Ashley grinned. ‘Okay, let’s say it was your canny investigative skills. This is a man who just tried to kill you; why protect him?’

‘I’m not protecting him,’ I said defensively. ‘It’s more that I didn’t think it served any useful purpose. I might not be crazy about Beth Craig, but does she need that knowledge on top of everything else? That she slept with her husband’s son? That her girls’ brother is also their father’s murderer?’ I shook my head. ‘Anyway, it’s like he’s almost an
accidental
murderer. Like this whole chain of events sprang from coincidence. Timing.’

‘I hate to tell you this, but most of them do.’ He shrugged. ‘Plus I don’t know that sleeping with one’s neighbour can be classed as coincidence.
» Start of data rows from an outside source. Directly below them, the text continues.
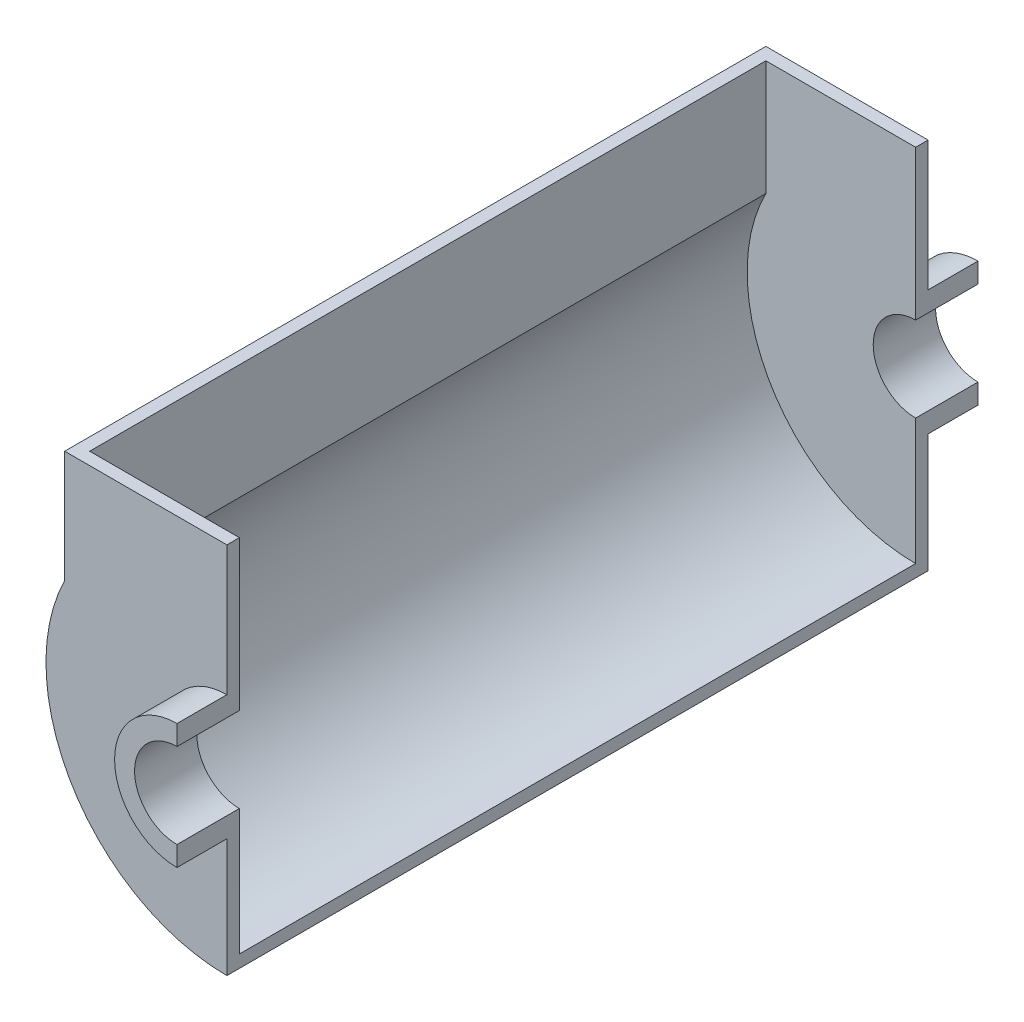
ISO-10303-21;
HEADER;
FILE_DESCRIPTION(('STEP AP214'),'2;1');
FILE_NAME('part.step','',(''),(''),'','','');
FILE_SCHEMA(('AUTOMOTIVE_DESIGN { 1 0 10303 214 1 1 1 1 }'));
ENDSEC;
DATA;
#1=APPLICATION_CONTEXT('core data for automotive mechanical design processes');
#2=APPLICATION_PROTOCOL_DEFINITION('international standard','automotive_design',2000,#1);
#3=PRODUCT_CONTEXT('',#1,'mechanical');
#4=PRODUCT('Part','Part','',(#3));
#5=PRODUCT_RELATED_PRODUCT_CATEGORY('part','',(#4));
#6=PRODUCT_DEFINITION_FORMATION('','',#4);
#7=PRODUCT_DEFINITION_CONTEXT('part definition',#1,'design');
#8=PRODUCT_DEFINITION('design','',#6,#7);
#9=PRODUCT_DEFINITION_SHAPE('','',#8);
#10=(LENGTH_UNIT() NAMED_UNIT(*) SI_UNIT(.MILLI.,.METRE.));
#11=(NAMED_UNIT(*) PLANE_ANGLE_UNIT() SI_UNIT($,.RADIAN.));
#12=(NAMED_UNIT(*) SI_UNIT($,.STERADIAN.) SOLID_ANGLE_UNIT());
#13=UNCERTAINTY_MEASURE_WITH_UNIT(LENGTH_MEASURE(1.E-05),#10,'distance_accuracy_value','');
#14=(GEOMETRIC_REPRESENTATION_CONTEXT(3) GLOBAL_UNCERTAINTY_ASSIGNED_CONTEXT((#13)) GLOBAL_UNIT_ASSIGNED_CONTEXT((#10,
#11,#12)) REPRESENTATION_CONTEXT('',''));
#15=CARTESIAN_POINT('',(0.,0.,0.));
#16=DIRECTION('',(0.,0.,1.));
#17=DIRECTION('',(1.,0.,0.));
#18=AXIS2_PLACEMENT_3D('',#15,#16,#17);
#19=CARTESIAN_POINT('',(0.,0.,-127.));
#20=DIRECTION('',(0.,0.,1.));
#21=DIRECTION('',(1.,0.,0.));
#22=AXIS2_PLACEMENT_3D('',#19,#20,#21);
#23=PLANE('',#22);
#24=CARTESIAN_POINT('',(0.,0.,-127.));
#25=DIRECTION('',(0.,0.,1.));
#26=DIRECTION('',(-1.,0.,0.));
#27=AXIS2_PLACEMENT_3D('',#24,#25,#26);
#28=CIRCLE('',#27,1714.5);
#29=CARTESIAN_POINT('',(-1524.,785.451621680164,-127.));
#30=VERTEX_POINT('',#29);
#31=CARTESIAN_POINT('',(0.,-1714.5,-127.));
#32=VERTEX_POINT('',#31);
#33=EDGE_CURVE('E196',#30,#32,#28,.T.);
#34=ORIENTED_EDGE('',*,*,#33,.F.);
#35=DIRECTION('',(0.,-1.,0.));
#36=VECTOR('',#35,1.);
#37=CARTESIAN_POINT('',(-1524.,1955.8,-127.));
#38=LINE('',#37,#36);
#39=CARTESIAN_POINT('',(-1524.,1955.8,-127.));
#40=VERTEX_POINT('',#39);
#41=EDGE_CURVE('E53',#40,#30,#38,.T.);
#42=ORIENTED_EDGE('',*,*,#41,.F.);
#43=DIRECTION('',(-1.,0.,0.));
#44=VECTOR('',#43,1.);
#45=CARTESIAN_POINT('',(0.,1955.8,-127.));
#46=LINE('',#45,#44);
#47=CARTESIAN_POINT('',(0.,1955.8,-127.));
#48=VERTEX_POINT('',#47);
#49=EDGE_CURVE('E212',#48,#40,#46,.T.);
#50=ORIENTED_EDGE('',*,*,#49,.F.);
#51=DIRECTION('',(0.,1.,0.));
#52=VECTOR('',#51,1.);
#53=CARTESIAN_POINT('',(0.,635.,-127.));
#54=LINE('',#53,#52);
#55=CARTESIAN_POINT('',(0.,431.8,-127.));
#56=VERTEX_POINT('',#55);
#57=EDGE_CURVE('E254',#56,#48,#54,.T.);
#58=ORIENTED_EDGE('',*,*,#57,.F.);
#59=CARTESIAN_POINT('',(0.,0.,-127.));
#60=DIRECTION('',(0.,0.,-1.));
#61=DIRECTION('',(1.,0.,0.));
#62=AXIS2_PLACEMENT_3D('',#59,#60,#61);
#63=CIRCLE('',#62,431.8);
#64=CARTESIAN_POINT('',(0.,-431.8,-127.));
#65=VERTEX_POINT('',#64);
#66=EDGE_CURVE('E251',#65,#56,#63,.T.);
#67=ORIENTED_EDGE('',*,*,#66,.F.);
#68=DIRECTION('',(0.,1.,0.));
#69=VECTOR('',#68,1.);
#70=CARTESIAN_POINT('',(0.,-431.8,-127.));
#71=LINE('',#70,#69);
#72=EDGE_CURVE('E59',#32,#65,#71,.T.);
#73=ORIENTED_EDGE('',*,*,#72,.F.);
#74=EDGE_LOOP('',(#34,#42,#50,#58,#67,#73));
#75=FACE_BOUND('',#74,.T.);
#76=ADVANCED_FACE('F36',(#75),#23,.F.);
#77=CARTESIAN_POINT('',(0.,0.,-127.));
#78=DIRECTION('',(0.,0.,1.));
#79=DIRECTION('',(1.,0.,0.));
#80=AXIS2_PLACEMENT_3D('',#77,#78,#79);
#81=CYLINDRICAL_SURFACE('',#80,431.8);
#82=DIRECTION('',(0.,0.,1.));
#83=VECTOR('',#82,1.);
#84=CARTESIAN_POINT('',(0.,431.8,-127.));
#85=LINE('',#84,#83);
#86=CARTESIAN_POINT('',(0.,431.8,508.));
#87=VERTEX_POINT('',#86);
#88=EDGE_CURVE('E40',#56,#87,#85,.T.);
#89=ORIENTED_EDGE('',*,*,#88,.T.);
#90=CARTESIAN_POINT('',(0.,0.,508.));
#91=DIRECTION('',(0.,0.,-1.));
#92=DIRECTION('',(1.,0.,0.));
#93=AXIS2_PLACEMENT_3D('',#90,#91,#92);
#94=CIRCLE('',#93,431.8);
#95=CARTESIAN_POINT('',(0.,-431.8,508.));
#96=VERTEX_POINT('',#95);
#97=EDGE_CURVE('E234',#96,#87,#94,.T.);
#98=ORIENTED_EDGE('',*,*,#97,.F.);
#99=DIRECTION('',(0.,0.,1.));
#100=VECTOR('',#99,1.);
#101=CARTESIAN_POINT('',(0.,-431.8,-127.));
#102=LINE('',#101,#100);
#103=EDGE_CURVE('E11',#65,#96,#102,.T.);
#104=ORIENTED_EDGE('',*,*,#103,.F.);
#105=ORIENTED_EDGE('',*,*,#66,.T.);
#106=EDGE_LOOP('',(#89,#98,#104,#105));
#107=FACE_BOUND('',#106,.T.);
#108=ADVANCED_FACE('F38',(#107),#81,.F.);
#109=CARTESIAN_POINT('',(0.,-431.8,-127.));
#110=DIRECTION('',(1.,0.,0.));
#111=DIRECTION('',(0.,0.,-1.));
#112=AXIS2_PLACEMENT_3D('',#109,#110,#111);
#113=PLANE('',#112);
#114=ORIENTED_EDGE('',*,*,#103,.T.);
#115=DIRECTION('',(0.,1.,0.));
#116=VECTOR('',#115,1.);
#117=CARTESIAN_POINT('',(0.,-431.8,508.));
#118=LINE('',#117,#116);
#119=CARTESIAN_POINT('',(0.,-635.,508.));
#120=VERTEX_POINT('',#119);
#121=EDGE_CURVE('E248',#120,#96,#118,.T.);
#122=ORIENTED_EDGE('',*,*,#121,.F.);
#123=DIRECTION('',(0.,0.,1.));
#124=VECTOR('',#123,1.);
#125=CARTESIAN_POINT('',(0.,-635.,-127.));
#126=LINE('',#125,#124);
#127=CARTESIAN_POINT('',(0.,-635.,0.));
#128=VERTEX_POINT('',#127);
#129=EDGE_CURVE('E45',#128,#120,#126,.T.);
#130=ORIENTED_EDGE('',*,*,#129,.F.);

Unless they just happened to be wandering around the neighbourhood naked and ran into each other. Literally.’

I laughed, and then tried to find the right words. ‘I mean the murder itself was sort of accidental. Something spur of the moment that spiralled out of control. And yes, I know Berry’s death and what happened to Fiona and me was fed by Leon’s self-centredness and so on. But … I don’t know, to find out you just killed your father when you’d been searching for him for years, that’s so huge. He’ll live with that forever, and I’m not sure even he deserves everyone else knowing as well. Not when it’ll serve no useful purpose other than a lot of headlines that use the whole Oedipus angle.’

‘It
is
pretty amazing. If you read it in a book, you’d think it was over the top.’

‘Maybe.’ I finished my wine, rather surprised at how quickly it was affecting me. I felt warm, and bubbly, and a little fuzzy around the edges. ‘So what’ll happen? I suppose the information will come out in court.’

‘It’ll be up to the DPP, but I wouldn’t be surprised if they use it as leverage. If he’s so desperate to keep it under wraps, it might even change his plea.’ He topped up our glasses, then sat back and patted his knee. Gusto immediately resumed his position. ‘Did you know that the teenage pregnancy was the reason the Craig family moved away? His brother told us. They were worried pressure would be put on Dustin to marry the girl down the track.’

‘What charmers.’

‘Yep.’

Silence fell, placid and pleasant. A kookaburra laughed in the distance, a rollickingly jovial sound that, oddly, only added to the tranquillity. I examined the detective through my sunglasses, wondering if it was true he was a player. And whether this knowledge added to his appeal. Maybe I was masochistic? Certainly I was finding him very attractive at the moment, significantly more than when I had first met him. But that might also have something to do with a growing suspicion that if I wandered into my bedroom right now, and picked up my little vial of blue anti-anxiety tablets, I would find the words
Not to be taken with alcohol.
Another glass of wine and I would probably find the dog attractive.